Influence of thermally oxidized vegetable oils and animal fats on energy and nutrient digestibility in young pigs

A total of 108 barrows (6.67 ± 0.03 kg BW) were assigned to 12 dietary treatments in a 4 × 3 factorial design plus a corn-soybean meal control diet to evaluate the effect of lipid source and peroxidation level on DE, ME, and apparent total tract digestibility (ATTD) of DM, GE, ether extract (EE), N, and C in young pigs. Main effects were lipid source (corn oil [CN], canola oil [CA], poultry fat [PF], and tallow [TL]) and peroxidation level (original lipids [OL], slow oxidation [SO] of lipids heated for 72 h at 95°C, or rapid oxidation [RO] of lipids heated for 7 h at 185°C). Pigs were provided ad libitum access to diets for 28 d followed by an 8-d period of controlled feed intake equivalent to 4% BW daily. Diets were formulated based on the ME content of CA with the standardized ileal digestible Lys, Met, Thr, Trp, total Ca, and available P:ME balanced relative to NRC (1998) recommendations.

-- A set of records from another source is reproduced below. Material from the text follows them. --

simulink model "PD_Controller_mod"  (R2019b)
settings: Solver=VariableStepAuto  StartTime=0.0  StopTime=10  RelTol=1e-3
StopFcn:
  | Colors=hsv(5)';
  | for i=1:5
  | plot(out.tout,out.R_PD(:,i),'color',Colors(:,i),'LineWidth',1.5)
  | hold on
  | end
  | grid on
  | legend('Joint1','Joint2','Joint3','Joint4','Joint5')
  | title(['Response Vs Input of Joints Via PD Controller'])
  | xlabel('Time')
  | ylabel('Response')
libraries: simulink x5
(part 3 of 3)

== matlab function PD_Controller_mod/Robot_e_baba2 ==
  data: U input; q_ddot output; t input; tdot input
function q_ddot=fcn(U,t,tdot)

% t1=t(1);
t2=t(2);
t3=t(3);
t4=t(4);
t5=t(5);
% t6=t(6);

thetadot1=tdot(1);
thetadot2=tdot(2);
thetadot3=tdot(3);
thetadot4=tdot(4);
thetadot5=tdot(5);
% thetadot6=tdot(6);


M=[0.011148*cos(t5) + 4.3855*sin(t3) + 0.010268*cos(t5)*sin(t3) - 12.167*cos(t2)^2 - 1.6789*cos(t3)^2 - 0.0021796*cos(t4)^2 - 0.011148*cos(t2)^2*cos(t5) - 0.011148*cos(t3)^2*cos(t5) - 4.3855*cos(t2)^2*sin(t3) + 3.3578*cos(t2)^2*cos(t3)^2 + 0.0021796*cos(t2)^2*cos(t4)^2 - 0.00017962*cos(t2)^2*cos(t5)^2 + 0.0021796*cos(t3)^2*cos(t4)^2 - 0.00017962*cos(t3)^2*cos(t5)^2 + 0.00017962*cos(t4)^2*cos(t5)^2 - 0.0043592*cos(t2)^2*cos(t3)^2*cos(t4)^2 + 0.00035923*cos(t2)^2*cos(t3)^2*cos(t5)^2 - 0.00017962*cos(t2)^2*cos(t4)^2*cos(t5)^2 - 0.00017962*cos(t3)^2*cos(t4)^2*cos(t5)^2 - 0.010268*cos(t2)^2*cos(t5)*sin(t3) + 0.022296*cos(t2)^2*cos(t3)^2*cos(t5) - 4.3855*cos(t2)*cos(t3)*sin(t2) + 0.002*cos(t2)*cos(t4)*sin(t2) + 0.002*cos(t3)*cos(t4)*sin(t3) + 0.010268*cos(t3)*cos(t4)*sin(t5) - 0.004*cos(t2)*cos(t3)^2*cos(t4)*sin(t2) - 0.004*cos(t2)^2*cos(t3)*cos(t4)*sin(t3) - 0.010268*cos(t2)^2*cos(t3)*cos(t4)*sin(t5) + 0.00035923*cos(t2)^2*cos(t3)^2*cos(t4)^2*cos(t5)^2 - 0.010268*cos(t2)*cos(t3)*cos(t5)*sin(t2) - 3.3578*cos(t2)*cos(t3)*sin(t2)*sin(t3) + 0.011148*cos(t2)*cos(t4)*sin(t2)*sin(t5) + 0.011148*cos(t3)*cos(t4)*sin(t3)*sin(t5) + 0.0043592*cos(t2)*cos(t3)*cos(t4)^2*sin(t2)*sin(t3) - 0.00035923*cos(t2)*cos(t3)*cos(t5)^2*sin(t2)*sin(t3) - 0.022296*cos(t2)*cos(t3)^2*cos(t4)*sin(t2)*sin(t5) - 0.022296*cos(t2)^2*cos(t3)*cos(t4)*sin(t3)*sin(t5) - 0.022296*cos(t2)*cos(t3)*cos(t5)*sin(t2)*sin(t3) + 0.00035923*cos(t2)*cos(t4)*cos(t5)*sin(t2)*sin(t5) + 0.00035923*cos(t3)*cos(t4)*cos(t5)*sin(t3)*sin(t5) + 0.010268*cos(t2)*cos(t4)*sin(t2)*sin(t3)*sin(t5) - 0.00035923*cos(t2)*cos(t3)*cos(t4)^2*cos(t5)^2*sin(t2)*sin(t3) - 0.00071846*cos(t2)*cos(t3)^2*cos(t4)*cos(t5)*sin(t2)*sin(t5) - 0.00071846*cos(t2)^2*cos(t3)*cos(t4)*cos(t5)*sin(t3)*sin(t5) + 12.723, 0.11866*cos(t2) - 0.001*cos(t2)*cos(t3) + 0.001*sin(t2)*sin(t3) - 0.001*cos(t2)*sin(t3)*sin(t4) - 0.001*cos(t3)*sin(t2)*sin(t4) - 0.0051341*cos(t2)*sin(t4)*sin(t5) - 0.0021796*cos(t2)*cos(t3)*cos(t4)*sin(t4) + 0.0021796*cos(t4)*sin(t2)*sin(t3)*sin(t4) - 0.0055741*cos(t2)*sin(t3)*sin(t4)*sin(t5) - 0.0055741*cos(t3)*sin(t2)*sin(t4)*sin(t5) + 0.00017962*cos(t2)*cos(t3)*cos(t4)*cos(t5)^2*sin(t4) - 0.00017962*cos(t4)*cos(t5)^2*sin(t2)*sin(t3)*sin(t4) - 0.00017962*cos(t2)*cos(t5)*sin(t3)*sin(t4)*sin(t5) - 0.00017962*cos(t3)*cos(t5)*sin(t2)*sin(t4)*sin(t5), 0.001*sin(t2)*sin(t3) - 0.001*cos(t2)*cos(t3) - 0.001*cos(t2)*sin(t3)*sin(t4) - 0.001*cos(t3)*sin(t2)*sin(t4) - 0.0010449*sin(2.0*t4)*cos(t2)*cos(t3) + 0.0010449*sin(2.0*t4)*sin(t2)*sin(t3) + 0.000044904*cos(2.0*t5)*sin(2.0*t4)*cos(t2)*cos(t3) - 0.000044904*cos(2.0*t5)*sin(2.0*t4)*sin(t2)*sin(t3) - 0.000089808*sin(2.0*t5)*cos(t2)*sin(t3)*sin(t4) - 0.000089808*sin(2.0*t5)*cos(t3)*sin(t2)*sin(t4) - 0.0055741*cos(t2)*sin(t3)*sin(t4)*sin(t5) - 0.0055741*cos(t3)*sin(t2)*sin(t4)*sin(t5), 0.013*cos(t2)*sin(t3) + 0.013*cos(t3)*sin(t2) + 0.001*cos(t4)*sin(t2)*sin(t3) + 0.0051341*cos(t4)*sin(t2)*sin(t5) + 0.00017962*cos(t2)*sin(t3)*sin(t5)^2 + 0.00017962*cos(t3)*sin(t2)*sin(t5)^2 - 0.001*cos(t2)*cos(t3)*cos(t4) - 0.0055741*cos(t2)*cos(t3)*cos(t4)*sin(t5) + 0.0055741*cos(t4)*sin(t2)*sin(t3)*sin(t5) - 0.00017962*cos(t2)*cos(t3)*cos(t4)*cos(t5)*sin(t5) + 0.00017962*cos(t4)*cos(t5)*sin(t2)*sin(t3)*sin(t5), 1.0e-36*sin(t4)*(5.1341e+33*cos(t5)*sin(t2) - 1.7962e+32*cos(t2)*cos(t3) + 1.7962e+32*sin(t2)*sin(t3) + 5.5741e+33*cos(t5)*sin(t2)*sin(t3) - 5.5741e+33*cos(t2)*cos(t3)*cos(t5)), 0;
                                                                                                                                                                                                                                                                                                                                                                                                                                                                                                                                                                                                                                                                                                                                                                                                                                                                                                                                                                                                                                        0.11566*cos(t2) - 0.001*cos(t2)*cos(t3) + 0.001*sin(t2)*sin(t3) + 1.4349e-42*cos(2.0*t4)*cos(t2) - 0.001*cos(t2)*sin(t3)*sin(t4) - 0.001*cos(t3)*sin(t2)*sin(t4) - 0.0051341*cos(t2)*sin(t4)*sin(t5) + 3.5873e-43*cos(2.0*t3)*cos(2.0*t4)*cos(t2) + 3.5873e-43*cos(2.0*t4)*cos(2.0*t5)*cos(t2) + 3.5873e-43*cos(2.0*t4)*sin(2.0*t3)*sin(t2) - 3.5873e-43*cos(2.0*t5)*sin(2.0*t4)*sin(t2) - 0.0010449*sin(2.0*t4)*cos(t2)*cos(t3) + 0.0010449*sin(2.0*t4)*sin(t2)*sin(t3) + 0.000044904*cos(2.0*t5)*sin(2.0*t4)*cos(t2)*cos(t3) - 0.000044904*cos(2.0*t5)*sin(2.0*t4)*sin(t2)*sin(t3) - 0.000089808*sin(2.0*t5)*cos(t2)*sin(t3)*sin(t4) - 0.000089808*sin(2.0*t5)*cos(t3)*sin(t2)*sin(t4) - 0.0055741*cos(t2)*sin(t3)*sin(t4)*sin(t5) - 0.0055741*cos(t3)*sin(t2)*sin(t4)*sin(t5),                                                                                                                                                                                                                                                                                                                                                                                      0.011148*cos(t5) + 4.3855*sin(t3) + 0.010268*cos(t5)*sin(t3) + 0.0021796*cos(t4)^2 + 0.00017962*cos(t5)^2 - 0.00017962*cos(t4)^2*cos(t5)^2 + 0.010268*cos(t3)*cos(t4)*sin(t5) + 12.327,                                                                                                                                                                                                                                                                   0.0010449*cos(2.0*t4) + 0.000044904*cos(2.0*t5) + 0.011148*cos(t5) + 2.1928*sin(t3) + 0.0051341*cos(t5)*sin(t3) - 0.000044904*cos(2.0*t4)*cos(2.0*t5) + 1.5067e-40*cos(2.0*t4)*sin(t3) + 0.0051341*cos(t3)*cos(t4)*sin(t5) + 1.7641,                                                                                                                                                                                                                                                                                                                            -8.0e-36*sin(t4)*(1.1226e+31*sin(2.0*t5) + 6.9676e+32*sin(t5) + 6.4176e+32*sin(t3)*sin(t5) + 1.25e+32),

Lipid peroxidation analysis indicated that compared with the OL, SO and RO had a markedly increased concentrations of lipid peroxidation products, and the increase of peroxidation products in CN and CA were greater than those in PF and TL. Addition of lipids to diets increased (P < 0.05) ATTD of EE and tended to improve (P = 0.06) ATTD of GE compared with pigs fed the control diet. Feeding CN or CA increased (P < 0.05) ATTD of DM, GE, EE, N, and C compared with feeding TL, while feeding PF improved (P < 0.05) ATTD of GE and EE and tended to increase (P = 0.06) ATTD of C compared with TL. Pigs fed CN had increased (P = 0.05) percentage N retention than pigs fed TL. No peroxidation level effect or interaction between lipid source and peroxidation level on DE and ME was observed. Lipid source tended (P = 0.08) to affect DE but not ME values of experimental lipids (P > 0.12). Digestible energy values for CA (8,846, 8,682, and 8,668 kcal/kg) and CN (8,867, 8,648, and 8,725 kcal/kg) were about 450 kcal/kg greater than that of TL (8,316, 8,168, and 8,296 kcal/kg), with PF being intermediate (8,519, 8,274, and 8,511 kcal/kg), for OL, SO, and RO lipids, respectively, respectively. In conclusion, lipid source affected ATTD of dietary DM, GE, EE, N, and C, and N retention and tended to influence the DE value of the lipid but did not significantly affect their ME value. Rapid and slow heating of lipids used in this study increased lipid peroxidation products but had no detectable effects on nutrient and energy digestibility as well as DE and ME values of the various lipids.